— WHAT IS REQUIRED —
Retype the records below from their first line through the line holding "#4=PRODUCT('Part','Part','',(#3));", including both ends and no pictures.

— SUPPLIED ENTRIES —
§ §

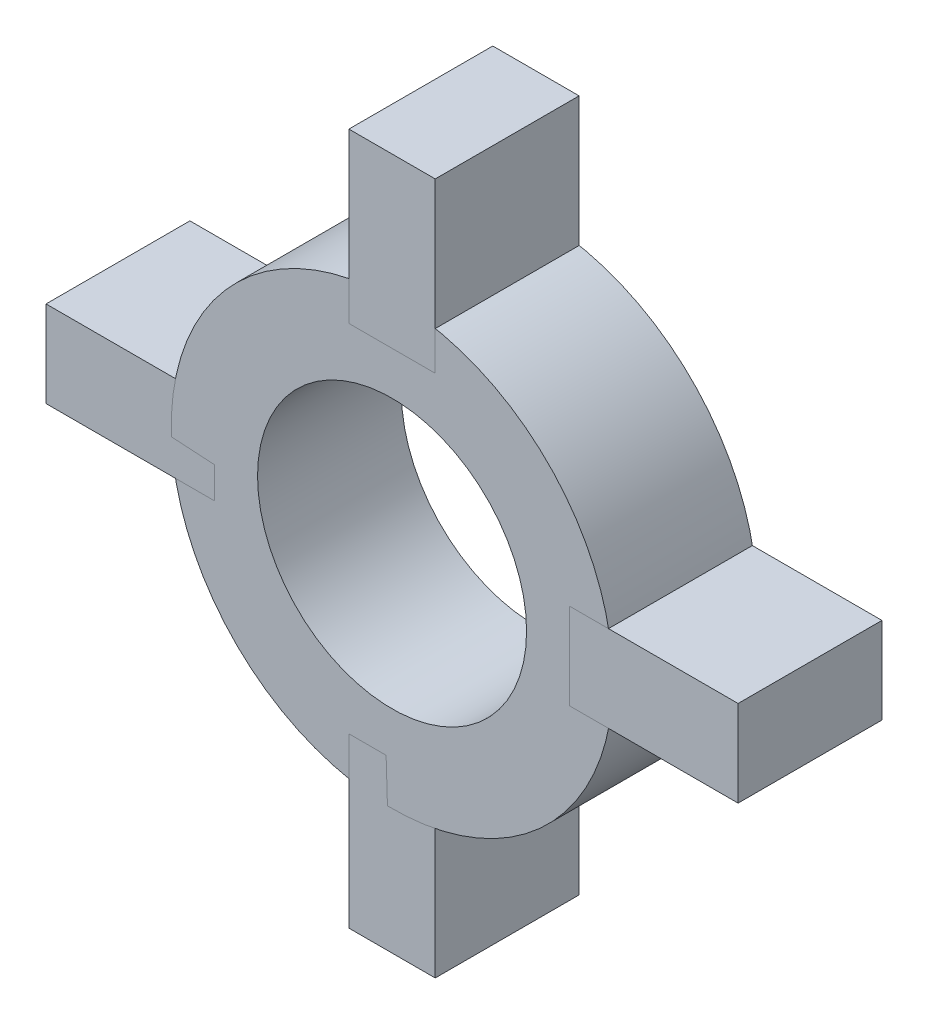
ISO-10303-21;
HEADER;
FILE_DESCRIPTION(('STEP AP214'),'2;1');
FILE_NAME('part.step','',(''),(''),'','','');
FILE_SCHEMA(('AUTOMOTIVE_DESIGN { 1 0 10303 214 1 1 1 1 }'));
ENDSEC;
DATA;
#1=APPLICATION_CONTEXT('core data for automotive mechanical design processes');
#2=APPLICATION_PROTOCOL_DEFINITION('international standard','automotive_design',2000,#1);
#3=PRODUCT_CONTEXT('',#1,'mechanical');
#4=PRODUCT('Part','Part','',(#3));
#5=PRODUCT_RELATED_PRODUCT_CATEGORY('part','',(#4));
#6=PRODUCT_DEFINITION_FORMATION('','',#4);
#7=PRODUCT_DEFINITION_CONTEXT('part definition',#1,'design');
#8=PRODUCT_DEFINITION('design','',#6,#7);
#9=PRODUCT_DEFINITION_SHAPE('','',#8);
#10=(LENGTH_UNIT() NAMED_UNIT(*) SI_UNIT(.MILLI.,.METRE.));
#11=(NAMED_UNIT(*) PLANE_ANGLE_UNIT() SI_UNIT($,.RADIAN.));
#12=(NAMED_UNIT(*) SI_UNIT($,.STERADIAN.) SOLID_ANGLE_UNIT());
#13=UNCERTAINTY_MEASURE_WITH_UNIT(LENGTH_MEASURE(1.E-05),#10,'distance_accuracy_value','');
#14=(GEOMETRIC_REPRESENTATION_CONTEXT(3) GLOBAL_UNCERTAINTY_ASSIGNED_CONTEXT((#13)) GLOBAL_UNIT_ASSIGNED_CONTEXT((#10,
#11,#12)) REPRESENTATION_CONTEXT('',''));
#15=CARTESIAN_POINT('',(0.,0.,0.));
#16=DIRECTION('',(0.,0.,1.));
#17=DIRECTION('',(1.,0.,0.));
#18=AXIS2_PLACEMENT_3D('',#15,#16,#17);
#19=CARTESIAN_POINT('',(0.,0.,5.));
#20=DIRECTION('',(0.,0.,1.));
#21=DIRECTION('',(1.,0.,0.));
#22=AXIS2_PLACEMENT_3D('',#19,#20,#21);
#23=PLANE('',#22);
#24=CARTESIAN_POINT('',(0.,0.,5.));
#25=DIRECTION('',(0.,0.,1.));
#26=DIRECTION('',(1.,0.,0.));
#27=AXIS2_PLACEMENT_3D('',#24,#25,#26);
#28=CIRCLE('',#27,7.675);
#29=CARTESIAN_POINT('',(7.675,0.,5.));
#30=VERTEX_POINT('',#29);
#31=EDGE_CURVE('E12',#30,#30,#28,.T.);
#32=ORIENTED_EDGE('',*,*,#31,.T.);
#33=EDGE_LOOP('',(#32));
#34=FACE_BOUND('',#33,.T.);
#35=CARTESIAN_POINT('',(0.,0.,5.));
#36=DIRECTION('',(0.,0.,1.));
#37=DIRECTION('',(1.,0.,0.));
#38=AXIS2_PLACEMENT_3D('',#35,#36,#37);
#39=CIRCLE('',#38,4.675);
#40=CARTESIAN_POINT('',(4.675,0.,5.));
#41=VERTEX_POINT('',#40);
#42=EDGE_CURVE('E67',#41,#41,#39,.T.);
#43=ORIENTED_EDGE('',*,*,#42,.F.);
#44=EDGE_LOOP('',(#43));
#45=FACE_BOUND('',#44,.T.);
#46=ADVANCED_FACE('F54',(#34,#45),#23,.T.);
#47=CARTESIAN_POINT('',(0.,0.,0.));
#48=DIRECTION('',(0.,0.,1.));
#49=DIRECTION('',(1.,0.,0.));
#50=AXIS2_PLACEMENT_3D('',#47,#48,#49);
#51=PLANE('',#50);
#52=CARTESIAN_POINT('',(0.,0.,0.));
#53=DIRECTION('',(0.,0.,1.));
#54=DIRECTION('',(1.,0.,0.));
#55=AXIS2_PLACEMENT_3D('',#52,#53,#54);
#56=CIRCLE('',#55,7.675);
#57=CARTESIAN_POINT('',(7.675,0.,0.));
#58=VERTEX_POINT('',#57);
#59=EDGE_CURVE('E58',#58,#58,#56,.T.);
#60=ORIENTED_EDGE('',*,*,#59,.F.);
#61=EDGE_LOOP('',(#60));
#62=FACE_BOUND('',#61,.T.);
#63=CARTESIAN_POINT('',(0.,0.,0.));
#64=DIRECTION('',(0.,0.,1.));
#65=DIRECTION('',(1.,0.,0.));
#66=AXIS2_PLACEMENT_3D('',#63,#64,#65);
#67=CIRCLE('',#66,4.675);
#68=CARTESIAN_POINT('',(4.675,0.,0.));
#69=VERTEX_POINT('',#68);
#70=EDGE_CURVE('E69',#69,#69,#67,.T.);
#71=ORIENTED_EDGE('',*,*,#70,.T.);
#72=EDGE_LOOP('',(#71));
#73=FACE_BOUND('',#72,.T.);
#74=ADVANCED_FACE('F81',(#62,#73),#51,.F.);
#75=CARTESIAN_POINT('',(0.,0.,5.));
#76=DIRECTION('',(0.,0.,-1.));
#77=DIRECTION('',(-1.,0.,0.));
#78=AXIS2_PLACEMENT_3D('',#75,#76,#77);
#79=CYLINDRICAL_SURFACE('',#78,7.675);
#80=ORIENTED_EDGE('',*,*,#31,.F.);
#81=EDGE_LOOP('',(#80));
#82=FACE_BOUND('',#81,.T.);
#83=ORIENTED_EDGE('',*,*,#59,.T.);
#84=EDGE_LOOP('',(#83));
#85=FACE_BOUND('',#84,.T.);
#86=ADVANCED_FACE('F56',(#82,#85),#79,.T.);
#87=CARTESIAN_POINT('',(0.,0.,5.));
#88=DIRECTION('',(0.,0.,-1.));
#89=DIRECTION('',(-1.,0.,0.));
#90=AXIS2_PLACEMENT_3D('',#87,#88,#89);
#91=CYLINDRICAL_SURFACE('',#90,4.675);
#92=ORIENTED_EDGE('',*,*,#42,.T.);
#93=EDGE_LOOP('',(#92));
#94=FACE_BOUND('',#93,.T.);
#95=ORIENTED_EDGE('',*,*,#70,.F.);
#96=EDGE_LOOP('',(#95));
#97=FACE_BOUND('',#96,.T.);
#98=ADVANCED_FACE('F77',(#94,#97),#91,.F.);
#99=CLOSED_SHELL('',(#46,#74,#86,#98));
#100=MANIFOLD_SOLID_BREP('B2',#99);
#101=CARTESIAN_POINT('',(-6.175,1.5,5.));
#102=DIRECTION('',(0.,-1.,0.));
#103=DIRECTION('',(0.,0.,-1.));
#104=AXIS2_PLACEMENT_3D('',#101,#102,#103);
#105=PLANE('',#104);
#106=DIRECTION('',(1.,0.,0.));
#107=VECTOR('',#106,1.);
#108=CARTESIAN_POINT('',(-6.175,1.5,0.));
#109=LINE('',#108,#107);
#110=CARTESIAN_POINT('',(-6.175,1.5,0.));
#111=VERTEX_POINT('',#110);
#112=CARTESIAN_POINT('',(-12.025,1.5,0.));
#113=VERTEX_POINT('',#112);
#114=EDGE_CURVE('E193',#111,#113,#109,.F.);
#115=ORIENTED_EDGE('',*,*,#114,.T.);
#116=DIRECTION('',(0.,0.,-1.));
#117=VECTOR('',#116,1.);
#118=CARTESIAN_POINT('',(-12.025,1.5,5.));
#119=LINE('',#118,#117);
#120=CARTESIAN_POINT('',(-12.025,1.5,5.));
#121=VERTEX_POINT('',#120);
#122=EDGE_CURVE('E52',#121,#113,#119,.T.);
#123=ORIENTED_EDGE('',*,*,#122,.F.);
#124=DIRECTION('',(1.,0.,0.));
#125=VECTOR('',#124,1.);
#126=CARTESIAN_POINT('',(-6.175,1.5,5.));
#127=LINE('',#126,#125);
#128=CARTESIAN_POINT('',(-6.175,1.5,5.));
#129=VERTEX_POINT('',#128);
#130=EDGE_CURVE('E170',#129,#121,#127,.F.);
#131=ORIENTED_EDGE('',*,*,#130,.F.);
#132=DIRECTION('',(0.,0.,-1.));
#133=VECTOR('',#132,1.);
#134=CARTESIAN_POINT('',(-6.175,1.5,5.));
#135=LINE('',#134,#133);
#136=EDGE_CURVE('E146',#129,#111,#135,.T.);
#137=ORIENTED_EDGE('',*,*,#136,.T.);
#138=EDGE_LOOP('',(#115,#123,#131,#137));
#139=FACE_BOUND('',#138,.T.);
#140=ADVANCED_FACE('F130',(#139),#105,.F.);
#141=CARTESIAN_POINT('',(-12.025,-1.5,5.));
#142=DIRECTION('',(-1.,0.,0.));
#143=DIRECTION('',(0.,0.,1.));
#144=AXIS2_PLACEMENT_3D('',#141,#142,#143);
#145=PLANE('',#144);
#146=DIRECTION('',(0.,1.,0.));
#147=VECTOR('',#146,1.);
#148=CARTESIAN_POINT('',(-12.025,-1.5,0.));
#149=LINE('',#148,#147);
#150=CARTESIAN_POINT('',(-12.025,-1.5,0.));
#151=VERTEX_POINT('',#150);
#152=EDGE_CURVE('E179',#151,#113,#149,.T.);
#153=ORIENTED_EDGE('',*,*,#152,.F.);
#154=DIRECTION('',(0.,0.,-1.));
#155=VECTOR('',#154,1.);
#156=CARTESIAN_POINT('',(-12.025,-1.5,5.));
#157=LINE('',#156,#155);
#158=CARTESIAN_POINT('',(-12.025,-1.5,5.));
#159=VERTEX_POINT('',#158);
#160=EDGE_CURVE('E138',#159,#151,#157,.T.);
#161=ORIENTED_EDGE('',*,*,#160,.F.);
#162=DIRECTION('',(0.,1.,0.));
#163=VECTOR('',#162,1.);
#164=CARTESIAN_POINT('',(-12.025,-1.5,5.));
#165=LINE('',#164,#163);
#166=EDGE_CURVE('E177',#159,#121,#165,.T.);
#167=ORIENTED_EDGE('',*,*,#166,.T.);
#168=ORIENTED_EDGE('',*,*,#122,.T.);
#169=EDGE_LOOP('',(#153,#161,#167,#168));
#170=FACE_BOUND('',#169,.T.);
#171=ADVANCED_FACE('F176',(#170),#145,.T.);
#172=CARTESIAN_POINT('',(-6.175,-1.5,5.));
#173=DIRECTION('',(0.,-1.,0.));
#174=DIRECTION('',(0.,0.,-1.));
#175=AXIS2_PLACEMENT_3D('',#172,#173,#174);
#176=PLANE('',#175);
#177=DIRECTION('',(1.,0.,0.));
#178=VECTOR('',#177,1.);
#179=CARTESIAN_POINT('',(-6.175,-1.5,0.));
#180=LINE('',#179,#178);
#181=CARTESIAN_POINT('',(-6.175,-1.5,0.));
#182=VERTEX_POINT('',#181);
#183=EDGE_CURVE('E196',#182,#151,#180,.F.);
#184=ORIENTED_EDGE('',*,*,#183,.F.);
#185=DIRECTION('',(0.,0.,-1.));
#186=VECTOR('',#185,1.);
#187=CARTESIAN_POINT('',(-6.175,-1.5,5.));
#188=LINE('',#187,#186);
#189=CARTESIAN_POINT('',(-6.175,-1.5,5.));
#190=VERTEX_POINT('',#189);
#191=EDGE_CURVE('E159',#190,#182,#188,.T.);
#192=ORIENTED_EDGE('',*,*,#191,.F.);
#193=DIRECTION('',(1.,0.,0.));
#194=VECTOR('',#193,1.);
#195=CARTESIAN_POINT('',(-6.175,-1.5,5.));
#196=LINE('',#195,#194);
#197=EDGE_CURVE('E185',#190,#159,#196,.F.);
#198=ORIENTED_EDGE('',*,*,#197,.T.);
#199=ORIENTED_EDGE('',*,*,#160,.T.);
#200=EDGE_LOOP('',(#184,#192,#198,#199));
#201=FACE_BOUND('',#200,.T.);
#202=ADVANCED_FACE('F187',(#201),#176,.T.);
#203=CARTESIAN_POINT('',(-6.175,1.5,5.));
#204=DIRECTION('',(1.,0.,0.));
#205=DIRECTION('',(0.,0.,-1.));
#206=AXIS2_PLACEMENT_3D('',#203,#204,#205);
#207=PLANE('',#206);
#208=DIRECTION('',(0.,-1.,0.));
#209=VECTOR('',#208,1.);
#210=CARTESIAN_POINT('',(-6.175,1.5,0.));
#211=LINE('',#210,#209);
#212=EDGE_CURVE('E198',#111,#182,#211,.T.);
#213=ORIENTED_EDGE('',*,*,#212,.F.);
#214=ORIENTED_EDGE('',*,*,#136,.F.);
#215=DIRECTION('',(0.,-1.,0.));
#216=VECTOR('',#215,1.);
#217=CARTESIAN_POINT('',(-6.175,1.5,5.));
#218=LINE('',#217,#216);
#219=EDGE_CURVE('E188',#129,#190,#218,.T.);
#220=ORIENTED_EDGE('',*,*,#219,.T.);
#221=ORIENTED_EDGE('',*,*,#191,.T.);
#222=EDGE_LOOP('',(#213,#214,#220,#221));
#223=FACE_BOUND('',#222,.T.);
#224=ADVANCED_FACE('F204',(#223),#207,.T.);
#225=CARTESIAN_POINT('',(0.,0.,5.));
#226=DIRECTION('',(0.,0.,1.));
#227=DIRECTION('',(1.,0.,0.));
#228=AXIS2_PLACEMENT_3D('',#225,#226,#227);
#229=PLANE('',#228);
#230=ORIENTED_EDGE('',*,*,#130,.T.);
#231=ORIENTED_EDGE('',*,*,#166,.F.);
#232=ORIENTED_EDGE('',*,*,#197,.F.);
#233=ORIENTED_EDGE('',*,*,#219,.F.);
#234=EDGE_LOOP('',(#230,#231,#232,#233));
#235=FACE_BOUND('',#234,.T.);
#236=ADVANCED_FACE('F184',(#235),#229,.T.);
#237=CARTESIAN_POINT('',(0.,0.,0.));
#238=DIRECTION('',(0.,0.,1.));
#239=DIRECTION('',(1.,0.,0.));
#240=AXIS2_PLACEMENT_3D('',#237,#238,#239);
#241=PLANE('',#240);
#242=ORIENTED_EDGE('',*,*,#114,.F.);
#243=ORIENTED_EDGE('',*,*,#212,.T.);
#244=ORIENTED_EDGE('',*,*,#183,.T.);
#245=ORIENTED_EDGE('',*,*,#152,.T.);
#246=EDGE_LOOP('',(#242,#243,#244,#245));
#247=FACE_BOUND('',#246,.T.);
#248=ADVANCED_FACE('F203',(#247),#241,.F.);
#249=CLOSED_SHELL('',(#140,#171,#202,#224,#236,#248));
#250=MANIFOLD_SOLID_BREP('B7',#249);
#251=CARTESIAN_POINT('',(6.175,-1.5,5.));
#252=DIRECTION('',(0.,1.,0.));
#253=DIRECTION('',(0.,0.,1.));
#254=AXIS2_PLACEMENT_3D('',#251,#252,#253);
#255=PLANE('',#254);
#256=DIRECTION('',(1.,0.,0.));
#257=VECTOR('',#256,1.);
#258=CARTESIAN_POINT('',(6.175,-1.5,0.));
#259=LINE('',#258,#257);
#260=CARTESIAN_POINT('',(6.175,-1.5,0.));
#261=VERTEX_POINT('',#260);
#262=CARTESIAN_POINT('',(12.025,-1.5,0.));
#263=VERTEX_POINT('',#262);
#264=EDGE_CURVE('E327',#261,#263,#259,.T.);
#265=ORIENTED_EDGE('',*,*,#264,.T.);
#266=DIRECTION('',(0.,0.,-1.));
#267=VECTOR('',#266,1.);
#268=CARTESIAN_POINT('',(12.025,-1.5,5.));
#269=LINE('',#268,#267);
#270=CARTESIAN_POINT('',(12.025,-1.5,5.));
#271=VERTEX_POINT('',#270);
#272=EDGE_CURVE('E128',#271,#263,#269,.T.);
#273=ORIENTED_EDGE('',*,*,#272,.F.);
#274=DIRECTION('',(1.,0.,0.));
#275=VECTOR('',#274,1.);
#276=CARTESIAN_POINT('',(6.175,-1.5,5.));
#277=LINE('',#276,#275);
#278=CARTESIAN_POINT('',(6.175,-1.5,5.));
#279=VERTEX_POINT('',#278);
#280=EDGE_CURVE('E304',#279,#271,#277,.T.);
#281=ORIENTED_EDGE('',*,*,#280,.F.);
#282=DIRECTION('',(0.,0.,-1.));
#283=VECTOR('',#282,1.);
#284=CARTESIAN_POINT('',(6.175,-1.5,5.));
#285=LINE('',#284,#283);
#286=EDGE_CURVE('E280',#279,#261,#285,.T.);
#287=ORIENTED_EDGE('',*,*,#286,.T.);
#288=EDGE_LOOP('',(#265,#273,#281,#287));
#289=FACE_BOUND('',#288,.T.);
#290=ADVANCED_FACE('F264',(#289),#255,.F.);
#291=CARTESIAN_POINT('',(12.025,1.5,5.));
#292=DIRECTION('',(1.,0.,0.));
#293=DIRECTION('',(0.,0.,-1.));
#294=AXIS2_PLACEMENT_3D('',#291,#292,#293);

§ §

— RESPONSE —
ISO-10303-21;
HEADER;
FILE_DESCRIPTION(('STEP AP214'),'2;1');
FILE_NAME('part.step','',(''),(''),'','','');
FILE_SCHEMA(('AUTOMOTIVE_DESIGN { 1 0 10303 214 1 1 1 1 }'));
ENDSEC;
DATA;
#1=APPLICATION_CONTEXT('core data for automotive mechanical design processes');
#2=APPLICATION_PROTOCOL_DEFINITION('international standard','automotive_design',2000,#1);
#3=PRODUCT_CONTEXT('',#1,'mechanical');
#4=PRODUCT('Part','Part','',(#3));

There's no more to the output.